A. I think it actually is, even if it’s awkward and difficult. It’s worth imagining: buildings like trees, cities like forests. We just did some sketching on a factory in India, where we’re going to grow food on the roof. You start designing like that for cities. What it would mean, if, say, Paris had greenhouse farms on roofs? How much food would it generate? How beautiful could it be? How many people would be working? And food miles would be vertical. It’s odd and strange thinking, but we have to put it out there now in order to start to imagining what might be possible.

Q. You say in the book that the next food revolution will come not from seeds, but from the soil. What do you mean by that?
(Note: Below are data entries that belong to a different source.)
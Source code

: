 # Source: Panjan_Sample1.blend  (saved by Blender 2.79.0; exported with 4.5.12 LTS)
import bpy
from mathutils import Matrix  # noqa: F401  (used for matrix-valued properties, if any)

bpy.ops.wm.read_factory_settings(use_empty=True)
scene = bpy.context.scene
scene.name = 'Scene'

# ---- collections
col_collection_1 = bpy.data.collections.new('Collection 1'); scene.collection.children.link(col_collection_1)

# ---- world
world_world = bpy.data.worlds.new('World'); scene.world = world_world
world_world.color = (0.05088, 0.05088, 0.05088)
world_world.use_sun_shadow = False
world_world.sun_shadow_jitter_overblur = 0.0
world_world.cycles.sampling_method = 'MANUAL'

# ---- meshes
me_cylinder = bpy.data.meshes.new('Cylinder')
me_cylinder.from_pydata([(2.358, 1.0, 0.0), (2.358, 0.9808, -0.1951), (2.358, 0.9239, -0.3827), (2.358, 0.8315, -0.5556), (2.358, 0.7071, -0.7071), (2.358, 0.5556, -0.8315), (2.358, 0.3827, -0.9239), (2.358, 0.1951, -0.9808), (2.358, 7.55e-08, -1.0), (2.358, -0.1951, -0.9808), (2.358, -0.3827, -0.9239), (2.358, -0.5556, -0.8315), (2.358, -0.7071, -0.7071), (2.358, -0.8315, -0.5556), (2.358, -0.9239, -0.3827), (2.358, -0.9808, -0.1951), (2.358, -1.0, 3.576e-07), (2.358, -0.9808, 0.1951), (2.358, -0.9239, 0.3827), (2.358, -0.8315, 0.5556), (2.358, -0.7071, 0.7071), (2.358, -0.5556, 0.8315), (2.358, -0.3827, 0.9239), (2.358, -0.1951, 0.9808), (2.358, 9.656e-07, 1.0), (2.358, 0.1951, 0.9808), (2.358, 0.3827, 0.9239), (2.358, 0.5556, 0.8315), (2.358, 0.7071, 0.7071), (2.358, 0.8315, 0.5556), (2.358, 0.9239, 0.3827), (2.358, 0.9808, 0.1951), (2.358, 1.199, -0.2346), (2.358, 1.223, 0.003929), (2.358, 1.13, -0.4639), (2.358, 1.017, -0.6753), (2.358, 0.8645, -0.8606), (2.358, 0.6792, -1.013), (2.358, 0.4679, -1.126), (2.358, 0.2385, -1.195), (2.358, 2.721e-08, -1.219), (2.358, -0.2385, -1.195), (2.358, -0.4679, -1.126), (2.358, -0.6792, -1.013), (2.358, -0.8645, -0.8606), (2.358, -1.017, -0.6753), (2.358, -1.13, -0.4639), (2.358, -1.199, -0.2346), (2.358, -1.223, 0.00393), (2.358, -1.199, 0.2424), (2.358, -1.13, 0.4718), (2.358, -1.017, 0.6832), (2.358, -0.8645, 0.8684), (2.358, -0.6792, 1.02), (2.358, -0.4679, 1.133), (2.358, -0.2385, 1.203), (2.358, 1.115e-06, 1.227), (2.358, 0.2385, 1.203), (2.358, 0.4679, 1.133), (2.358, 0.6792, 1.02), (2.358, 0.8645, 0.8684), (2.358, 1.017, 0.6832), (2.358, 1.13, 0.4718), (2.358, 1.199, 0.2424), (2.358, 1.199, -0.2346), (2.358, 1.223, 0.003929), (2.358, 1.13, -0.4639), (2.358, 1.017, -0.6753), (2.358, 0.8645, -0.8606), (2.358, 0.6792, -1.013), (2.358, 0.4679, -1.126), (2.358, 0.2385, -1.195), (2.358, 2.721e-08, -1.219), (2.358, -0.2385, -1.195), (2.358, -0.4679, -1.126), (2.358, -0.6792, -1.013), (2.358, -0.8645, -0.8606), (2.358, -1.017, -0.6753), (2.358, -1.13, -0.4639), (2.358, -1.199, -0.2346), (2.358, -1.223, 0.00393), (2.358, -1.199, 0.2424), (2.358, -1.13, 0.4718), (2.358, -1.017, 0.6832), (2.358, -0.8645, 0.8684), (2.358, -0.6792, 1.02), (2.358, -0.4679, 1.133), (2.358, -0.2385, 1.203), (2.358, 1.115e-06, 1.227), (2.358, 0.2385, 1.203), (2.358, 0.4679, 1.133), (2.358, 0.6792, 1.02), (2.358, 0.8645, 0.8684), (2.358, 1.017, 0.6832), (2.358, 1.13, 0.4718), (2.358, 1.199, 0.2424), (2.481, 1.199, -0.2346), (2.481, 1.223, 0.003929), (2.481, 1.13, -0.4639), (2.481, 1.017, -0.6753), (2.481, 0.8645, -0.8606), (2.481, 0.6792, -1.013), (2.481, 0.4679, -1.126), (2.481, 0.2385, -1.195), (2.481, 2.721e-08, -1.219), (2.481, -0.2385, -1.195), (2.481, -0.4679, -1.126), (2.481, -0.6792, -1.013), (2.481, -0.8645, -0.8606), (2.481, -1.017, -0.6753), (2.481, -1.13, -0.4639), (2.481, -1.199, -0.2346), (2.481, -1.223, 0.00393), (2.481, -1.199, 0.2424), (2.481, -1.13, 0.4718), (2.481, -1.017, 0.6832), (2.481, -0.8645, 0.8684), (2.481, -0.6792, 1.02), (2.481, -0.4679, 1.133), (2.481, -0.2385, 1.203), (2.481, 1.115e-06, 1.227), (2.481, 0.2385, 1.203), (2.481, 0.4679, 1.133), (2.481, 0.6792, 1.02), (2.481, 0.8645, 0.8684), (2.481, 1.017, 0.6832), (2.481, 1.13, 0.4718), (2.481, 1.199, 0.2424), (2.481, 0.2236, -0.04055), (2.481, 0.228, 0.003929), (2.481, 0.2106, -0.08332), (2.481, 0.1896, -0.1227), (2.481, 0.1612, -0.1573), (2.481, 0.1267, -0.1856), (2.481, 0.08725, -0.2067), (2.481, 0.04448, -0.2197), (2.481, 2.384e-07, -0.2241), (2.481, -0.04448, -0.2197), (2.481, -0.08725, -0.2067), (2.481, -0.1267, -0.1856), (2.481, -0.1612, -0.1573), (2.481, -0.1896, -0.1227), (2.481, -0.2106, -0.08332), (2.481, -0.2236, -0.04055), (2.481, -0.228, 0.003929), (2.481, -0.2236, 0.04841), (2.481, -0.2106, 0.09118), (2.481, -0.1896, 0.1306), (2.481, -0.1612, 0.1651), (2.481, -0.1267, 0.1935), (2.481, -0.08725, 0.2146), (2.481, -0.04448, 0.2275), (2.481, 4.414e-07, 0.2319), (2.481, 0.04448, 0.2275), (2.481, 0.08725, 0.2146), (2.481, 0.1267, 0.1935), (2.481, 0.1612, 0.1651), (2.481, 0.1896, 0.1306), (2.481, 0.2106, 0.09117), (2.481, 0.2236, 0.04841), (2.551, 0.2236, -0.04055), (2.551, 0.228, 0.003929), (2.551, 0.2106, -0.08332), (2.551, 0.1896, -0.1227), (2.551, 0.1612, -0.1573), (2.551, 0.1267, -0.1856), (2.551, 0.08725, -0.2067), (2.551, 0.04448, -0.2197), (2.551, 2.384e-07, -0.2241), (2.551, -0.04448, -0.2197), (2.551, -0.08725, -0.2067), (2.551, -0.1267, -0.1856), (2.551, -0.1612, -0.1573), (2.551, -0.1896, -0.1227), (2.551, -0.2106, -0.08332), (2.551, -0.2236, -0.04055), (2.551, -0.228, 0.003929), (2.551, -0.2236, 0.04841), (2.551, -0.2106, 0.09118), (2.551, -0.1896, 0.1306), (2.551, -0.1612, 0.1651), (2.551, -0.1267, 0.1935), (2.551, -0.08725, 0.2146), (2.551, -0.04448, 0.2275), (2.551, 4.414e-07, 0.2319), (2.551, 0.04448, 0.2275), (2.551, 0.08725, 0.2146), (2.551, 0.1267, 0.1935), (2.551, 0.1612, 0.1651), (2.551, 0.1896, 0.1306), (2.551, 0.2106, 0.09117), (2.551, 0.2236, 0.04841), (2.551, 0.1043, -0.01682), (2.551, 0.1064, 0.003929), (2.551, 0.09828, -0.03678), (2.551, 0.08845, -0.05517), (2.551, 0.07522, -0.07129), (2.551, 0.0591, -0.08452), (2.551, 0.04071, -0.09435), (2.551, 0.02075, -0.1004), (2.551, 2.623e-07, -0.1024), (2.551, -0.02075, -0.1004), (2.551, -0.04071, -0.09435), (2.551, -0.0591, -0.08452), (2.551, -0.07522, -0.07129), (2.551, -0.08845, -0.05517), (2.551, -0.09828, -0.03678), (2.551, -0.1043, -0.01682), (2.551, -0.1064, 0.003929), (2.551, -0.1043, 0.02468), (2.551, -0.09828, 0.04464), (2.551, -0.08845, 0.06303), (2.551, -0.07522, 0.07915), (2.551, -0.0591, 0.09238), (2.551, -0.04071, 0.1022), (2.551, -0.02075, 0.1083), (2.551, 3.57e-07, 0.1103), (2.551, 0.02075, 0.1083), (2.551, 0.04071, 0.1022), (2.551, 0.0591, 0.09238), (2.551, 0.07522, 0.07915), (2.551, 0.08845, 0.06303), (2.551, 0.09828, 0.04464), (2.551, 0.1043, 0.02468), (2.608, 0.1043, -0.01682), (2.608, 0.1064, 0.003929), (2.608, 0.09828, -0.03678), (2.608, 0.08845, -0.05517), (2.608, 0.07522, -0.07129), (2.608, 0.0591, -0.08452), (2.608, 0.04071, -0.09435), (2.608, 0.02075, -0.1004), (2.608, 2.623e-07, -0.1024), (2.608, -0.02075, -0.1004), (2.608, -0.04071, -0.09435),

A. Look at what’s going to happen with climate change and how our soils are being depleted and we’re losing topsoil and so on. What if we could do agriculture that was six times as intensive? That’s just what the Dutch are now doing with advanced greenhouse agriculture. The Netherlands — a country the size of Maryland — is the second largest agricultural export economy in the world, after the U.S. They have high-value exports — flowers, tomatoes, we’re not talking generic commodities. We should really look hard at the intensity of agriculture on smaller plots. You don’t need pesticides. You don’t need herbicides.

Then you think about the Africans, as their climate changes. Instead of saying, “we should give them genetically modified organisms that grow in drier places,” we should look at what it would mean if we create small, intensive gardening opportunities. They are much more productive, so they don’t have to scorch the earth and watch the soil blow away. What if we bring back the orchards and the bush crops and tree crops over 80 percent of the area, and then you intensely farm the rest?

That’s what the Dutch know how to do. They’re focused on the health of the soil and the bacteria. There’s the key. Make sure that’s thriving and everything flows from there.

We go the other way. Ours is all about amendments and inputs. OurGreen Revolution, [Norman] Borlaug’s revolution, was quite astonishing. It allowed so many more people to have food, but it relied on external inputs. It imported things. Let’s remember that high-tech growing doesn’t have to be field growing. It can be concentrated on a rooftop.